> [Records from a dataset]
────────────────

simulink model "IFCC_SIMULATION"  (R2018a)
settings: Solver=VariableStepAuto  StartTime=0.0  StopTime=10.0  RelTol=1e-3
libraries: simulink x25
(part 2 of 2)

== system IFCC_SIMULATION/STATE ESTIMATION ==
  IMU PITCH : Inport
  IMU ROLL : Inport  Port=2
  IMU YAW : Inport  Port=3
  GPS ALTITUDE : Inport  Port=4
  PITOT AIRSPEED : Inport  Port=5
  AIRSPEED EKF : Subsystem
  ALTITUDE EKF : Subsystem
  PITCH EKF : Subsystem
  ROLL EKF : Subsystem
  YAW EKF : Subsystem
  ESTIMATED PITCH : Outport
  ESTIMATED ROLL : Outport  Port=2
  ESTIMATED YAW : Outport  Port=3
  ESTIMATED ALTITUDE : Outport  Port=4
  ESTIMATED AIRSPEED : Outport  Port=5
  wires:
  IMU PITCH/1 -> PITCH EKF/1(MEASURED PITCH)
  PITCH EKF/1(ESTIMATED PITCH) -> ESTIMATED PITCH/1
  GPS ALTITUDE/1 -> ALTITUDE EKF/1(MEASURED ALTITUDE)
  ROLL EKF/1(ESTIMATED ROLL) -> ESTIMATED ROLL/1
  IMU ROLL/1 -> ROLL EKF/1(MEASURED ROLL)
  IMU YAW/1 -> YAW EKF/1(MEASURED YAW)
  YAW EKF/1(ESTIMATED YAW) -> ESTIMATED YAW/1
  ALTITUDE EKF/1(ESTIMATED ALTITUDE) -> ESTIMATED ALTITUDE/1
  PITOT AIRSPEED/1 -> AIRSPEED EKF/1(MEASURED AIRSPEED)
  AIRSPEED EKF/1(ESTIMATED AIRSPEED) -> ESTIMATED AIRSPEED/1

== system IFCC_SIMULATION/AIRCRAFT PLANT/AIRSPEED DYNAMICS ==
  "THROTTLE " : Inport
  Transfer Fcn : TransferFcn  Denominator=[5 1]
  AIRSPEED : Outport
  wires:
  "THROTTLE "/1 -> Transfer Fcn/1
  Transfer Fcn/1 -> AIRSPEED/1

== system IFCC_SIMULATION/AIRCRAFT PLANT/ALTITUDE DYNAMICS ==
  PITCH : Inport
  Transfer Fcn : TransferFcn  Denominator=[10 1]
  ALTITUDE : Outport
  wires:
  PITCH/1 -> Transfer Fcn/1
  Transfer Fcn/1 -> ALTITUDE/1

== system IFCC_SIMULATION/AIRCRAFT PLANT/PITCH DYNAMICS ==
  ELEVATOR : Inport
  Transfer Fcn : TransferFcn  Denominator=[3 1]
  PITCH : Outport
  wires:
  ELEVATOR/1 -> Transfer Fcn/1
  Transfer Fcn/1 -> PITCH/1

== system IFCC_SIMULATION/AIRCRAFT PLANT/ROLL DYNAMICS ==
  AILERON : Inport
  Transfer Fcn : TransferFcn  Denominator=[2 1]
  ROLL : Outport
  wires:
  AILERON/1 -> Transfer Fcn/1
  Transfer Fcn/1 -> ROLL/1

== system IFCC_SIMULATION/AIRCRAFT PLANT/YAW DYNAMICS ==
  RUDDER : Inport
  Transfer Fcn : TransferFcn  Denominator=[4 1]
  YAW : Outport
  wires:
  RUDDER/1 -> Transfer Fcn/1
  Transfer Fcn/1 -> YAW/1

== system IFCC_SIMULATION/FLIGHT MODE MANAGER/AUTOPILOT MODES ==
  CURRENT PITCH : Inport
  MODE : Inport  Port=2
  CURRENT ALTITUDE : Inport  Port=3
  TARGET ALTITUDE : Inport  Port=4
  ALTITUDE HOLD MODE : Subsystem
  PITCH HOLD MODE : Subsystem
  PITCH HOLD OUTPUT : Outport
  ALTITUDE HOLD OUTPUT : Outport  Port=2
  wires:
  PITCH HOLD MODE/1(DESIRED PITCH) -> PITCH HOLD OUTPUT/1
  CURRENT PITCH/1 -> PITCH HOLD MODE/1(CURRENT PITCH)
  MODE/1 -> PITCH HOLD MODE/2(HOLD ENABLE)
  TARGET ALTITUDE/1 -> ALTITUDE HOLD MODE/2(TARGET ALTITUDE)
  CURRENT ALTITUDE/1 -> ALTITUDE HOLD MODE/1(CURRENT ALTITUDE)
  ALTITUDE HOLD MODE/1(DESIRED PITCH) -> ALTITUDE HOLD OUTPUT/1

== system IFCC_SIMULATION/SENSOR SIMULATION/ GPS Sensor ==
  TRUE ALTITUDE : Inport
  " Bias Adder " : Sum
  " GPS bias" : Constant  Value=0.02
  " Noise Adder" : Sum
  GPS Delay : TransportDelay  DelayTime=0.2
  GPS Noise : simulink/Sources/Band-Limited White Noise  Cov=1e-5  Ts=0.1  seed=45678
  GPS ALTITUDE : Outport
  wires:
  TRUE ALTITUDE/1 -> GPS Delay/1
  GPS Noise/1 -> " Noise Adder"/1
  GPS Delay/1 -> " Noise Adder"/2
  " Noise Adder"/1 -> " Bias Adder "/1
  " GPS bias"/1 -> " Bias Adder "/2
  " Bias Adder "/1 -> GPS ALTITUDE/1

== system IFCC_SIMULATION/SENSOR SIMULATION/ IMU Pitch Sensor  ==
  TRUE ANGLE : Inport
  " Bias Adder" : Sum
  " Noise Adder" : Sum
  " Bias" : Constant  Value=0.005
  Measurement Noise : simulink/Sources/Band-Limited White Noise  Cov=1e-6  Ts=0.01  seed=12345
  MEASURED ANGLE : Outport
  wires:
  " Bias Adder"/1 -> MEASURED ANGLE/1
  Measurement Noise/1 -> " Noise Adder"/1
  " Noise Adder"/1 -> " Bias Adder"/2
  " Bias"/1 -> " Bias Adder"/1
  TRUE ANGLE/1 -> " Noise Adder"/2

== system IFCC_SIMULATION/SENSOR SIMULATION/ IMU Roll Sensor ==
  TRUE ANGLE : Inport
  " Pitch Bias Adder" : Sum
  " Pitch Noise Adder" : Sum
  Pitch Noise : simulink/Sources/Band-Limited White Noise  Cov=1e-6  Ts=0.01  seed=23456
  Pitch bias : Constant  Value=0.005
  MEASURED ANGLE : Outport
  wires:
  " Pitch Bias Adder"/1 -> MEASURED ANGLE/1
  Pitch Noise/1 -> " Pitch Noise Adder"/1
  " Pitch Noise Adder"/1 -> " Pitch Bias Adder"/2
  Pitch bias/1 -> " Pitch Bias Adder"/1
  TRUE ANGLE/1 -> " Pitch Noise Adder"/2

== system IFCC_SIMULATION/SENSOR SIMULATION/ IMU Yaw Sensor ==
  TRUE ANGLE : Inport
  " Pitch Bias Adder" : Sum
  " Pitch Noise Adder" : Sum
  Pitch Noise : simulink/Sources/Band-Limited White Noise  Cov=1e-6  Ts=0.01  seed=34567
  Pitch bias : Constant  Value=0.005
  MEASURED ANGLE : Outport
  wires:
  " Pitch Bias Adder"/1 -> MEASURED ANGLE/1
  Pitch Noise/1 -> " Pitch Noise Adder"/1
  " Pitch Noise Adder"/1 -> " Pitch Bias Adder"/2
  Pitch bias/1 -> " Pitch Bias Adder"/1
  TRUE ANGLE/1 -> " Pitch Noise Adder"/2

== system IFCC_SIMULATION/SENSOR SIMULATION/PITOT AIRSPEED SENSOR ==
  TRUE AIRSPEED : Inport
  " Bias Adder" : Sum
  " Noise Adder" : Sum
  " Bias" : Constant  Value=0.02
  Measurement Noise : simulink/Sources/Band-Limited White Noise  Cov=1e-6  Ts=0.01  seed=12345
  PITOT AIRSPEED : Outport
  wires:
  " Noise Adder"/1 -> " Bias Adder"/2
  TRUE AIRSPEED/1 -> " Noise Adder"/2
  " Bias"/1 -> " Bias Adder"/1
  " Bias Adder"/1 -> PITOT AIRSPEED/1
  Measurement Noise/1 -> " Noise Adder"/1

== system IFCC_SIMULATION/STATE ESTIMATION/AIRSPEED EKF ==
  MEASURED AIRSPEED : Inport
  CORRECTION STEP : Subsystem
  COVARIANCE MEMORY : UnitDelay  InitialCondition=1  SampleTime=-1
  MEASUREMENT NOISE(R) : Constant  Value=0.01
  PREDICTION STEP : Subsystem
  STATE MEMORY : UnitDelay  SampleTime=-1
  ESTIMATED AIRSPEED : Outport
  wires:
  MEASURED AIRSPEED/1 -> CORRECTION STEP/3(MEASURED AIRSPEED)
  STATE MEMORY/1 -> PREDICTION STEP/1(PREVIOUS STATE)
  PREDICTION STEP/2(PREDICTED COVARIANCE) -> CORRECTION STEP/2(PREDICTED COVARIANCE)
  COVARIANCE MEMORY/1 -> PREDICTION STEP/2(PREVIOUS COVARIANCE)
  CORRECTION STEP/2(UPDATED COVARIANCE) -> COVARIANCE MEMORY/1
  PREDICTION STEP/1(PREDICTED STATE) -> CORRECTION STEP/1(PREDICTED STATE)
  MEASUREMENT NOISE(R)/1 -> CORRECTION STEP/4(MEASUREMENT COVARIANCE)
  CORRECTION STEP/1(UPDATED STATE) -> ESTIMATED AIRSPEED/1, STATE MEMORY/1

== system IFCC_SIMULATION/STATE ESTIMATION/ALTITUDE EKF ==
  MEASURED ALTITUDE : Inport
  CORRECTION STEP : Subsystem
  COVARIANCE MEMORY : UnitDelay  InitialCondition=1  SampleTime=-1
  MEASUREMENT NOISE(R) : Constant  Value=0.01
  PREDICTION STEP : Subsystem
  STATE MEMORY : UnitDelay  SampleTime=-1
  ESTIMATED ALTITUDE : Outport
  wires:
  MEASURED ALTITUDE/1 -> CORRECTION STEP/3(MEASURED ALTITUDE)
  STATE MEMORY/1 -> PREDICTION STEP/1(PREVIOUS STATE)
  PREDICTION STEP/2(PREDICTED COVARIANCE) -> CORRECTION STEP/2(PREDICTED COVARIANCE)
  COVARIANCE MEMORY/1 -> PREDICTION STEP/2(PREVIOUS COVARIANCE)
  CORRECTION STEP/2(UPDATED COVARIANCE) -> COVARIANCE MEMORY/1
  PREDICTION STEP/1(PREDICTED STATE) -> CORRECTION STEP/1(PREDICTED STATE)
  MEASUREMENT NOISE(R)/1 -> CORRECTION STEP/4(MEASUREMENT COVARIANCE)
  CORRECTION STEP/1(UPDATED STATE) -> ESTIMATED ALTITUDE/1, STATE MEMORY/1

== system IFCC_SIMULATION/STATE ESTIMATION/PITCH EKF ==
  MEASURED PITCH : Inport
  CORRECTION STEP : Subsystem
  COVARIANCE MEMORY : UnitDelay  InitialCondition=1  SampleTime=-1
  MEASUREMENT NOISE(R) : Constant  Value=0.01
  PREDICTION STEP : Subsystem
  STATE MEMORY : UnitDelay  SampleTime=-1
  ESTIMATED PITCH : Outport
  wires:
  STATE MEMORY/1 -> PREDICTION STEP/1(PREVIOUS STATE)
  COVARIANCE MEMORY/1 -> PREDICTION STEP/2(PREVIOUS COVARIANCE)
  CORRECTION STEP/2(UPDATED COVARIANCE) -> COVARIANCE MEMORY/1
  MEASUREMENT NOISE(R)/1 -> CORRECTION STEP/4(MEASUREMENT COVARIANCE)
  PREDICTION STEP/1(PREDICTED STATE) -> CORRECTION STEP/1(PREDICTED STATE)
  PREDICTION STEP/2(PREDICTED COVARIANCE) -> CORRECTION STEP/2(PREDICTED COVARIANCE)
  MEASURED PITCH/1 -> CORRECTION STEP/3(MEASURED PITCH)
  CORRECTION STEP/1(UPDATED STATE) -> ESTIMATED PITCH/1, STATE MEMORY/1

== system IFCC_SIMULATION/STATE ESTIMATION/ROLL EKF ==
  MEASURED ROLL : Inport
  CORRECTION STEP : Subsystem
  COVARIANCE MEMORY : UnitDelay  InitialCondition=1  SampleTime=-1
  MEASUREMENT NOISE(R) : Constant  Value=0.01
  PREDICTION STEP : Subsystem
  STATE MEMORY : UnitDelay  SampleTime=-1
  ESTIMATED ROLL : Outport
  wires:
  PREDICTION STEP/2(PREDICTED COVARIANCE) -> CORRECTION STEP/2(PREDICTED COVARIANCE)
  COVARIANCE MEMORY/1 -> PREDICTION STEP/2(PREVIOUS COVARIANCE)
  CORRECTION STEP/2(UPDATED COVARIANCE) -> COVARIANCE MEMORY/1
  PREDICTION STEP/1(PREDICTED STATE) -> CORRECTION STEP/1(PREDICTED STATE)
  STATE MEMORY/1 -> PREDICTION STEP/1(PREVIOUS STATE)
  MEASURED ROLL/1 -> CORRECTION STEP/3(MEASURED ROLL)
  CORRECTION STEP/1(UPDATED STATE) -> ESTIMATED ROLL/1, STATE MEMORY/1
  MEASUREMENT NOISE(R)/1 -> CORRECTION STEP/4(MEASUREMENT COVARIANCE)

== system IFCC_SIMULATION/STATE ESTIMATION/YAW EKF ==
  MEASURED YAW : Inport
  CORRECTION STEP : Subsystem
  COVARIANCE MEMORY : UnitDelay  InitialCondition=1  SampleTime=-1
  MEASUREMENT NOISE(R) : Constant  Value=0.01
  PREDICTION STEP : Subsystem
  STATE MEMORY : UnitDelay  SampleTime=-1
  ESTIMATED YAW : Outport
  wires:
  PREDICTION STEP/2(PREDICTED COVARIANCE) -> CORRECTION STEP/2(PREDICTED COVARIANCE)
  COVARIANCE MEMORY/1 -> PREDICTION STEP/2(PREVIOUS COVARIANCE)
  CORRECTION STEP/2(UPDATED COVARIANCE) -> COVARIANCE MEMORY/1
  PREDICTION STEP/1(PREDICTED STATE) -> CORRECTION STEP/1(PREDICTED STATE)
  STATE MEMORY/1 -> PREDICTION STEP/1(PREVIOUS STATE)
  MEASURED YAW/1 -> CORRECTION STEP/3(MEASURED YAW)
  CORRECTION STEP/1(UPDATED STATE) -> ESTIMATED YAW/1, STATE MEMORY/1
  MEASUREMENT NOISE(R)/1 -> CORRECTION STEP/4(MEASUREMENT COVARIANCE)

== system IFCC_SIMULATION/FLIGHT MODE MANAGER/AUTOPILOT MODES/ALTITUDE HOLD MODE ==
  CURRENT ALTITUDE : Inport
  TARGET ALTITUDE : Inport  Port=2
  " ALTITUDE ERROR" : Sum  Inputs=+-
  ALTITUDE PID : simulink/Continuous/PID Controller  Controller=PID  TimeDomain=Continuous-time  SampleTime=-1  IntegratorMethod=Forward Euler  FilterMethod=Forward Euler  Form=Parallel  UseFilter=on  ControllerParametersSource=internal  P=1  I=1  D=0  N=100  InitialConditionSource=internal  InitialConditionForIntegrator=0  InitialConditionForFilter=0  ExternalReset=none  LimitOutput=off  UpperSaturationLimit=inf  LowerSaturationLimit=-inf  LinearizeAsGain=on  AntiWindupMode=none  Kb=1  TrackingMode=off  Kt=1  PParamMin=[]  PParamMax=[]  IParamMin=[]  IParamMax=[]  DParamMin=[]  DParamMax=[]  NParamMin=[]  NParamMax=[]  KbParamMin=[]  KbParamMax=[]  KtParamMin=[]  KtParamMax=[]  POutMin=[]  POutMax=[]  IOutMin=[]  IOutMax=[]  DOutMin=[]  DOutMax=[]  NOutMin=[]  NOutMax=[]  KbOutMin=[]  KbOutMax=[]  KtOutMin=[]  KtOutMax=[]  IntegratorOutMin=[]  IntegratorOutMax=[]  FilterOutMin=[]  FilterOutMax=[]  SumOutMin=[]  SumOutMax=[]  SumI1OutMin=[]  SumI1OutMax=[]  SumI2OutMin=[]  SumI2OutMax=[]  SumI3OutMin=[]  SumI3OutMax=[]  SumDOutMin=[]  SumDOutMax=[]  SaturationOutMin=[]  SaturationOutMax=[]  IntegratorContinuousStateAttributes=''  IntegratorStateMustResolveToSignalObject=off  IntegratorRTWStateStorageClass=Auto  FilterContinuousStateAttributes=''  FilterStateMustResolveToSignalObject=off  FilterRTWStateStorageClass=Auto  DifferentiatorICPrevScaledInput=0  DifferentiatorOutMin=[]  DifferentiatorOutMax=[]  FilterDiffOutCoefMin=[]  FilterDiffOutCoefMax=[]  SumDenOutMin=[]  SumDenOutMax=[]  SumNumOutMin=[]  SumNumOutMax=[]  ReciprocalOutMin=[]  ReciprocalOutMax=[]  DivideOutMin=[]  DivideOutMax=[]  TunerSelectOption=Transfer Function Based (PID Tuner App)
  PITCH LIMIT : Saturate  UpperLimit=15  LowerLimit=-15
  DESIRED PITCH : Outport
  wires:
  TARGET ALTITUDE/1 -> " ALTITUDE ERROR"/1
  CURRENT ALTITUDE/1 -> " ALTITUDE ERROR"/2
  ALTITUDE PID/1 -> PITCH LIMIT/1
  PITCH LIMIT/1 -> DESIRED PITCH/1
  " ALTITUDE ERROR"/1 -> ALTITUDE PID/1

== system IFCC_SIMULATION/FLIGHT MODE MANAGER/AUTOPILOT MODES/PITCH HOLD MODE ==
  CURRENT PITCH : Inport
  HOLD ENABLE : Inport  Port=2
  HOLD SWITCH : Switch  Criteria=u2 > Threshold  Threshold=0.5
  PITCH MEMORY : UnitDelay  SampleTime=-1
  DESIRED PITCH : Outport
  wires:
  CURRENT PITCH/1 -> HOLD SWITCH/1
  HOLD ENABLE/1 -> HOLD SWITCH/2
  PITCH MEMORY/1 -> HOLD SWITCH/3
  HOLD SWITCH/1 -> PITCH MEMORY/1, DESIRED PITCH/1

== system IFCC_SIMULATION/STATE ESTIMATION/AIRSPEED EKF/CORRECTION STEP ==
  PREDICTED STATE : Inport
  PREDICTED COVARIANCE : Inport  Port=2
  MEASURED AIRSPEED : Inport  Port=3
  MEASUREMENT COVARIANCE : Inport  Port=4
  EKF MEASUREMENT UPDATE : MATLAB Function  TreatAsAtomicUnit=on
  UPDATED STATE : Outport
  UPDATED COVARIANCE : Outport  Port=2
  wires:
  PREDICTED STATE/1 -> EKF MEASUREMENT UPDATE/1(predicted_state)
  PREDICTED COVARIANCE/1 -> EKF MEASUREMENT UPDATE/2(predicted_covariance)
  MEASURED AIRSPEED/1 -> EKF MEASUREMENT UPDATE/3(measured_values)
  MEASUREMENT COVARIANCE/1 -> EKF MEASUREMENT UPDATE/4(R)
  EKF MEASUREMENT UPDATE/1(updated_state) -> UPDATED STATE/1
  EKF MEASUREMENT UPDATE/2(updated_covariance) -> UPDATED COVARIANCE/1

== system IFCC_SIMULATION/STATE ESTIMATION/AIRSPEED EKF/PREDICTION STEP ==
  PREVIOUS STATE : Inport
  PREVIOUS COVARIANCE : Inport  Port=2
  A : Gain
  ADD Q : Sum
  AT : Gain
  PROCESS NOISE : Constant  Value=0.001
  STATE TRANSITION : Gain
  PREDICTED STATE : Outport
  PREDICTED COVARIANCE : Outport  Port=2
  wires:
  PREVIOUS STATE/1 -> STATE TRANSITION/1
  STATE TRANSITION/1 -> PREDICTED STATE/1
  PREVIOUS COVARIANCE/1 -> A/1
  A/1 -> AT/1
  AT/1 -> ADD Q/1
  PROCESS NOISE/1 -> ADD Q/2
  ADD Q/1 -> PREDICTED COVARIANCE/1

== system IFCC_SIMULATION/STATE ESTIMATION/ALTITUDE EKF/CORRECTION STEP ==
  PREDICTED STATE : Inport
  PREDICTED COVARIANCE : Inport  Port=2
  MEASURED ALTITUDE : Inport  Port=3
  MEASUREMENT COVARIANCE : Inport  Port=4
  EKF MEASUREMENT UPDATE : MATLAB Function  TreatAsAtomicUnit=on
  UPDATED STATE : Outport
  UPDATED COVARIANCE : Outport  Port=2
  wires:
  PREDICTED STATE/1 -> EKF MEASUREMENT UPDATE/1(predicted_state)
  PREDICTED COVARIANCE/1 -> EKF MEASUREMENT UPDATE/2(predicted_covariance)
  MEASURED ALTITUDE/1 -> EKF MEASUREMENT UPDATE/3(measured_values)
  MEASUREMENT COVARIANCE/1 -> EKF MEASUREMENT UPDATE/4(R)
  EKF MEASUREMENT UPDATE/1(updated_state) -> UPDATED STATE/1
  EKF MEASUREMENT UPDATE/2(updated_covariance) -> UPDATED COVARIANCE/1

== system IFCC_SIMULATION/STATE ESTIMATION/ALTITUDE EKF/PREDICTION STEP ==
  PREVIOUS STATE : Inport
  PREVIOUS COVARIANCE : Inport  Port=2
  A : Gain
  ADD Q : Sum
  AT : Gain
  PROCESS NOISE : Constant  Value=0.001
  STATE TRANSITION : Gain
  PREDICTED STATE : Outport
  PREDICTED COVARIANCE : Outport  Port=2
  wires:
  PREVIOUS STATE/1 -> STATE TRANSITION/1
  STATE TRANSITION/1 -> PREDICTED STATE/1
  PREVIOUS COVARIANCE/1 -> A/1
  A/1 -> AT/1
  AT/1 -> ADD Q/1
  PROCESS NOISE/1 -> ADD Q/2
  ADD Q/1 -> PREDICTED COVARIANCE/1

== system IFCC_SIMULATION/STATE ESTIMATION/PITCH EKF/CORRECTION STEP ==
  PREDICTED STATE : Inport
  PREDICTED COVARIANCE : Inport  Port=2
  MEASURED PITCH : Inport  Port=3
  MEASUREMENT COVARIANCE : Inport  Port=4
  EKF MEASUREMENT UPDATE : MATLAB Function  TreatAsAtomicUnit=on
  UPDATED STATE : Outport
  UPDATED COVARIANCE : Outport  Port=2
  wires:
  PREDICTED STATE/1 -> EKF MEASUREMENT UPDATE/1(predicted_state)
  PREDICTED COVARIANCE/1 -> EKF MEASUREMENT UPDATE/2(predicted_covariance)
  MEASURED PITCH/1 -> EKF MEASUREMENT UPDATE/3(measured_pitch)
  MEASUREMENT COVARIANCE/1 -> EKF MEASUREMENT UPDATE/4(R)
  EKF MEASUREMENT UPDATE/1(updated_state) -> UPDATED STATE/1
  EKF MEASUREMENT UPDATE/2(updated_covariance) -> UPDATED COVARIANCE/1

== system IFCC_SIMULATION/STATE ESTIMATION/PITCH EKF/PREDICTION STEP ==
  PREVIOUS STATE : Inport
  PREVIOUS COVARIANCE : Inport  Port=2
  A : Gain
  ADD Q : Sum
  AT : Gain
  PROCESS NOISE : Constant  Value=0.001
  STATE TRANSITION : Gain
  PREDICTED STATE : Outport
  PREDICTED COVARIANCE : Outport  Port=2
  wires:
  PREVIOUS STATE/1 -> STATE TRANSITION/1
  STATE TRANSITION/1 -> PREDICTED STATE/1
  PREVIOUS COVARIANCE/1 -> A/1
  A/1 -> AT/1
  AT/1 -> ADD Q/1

────────────────

> [Work order]
Among the entries above, find every line holding "MODES" and copy it.

> [Solution]
== system IFCC_SIMULATION/FLIGHT MODE MANAGER/AUTOPILOT MODES ==
== system IFCC_SIMULATION/FLIGHT MODE MANAGER/AUTOPILOT MODES/ALTITUDE HOLD MODE ==
== system IFCC_SIMULATION/FLIGHT MODE MANAGER/AUTOPILOT MODES/PITCH HOLD MODE ==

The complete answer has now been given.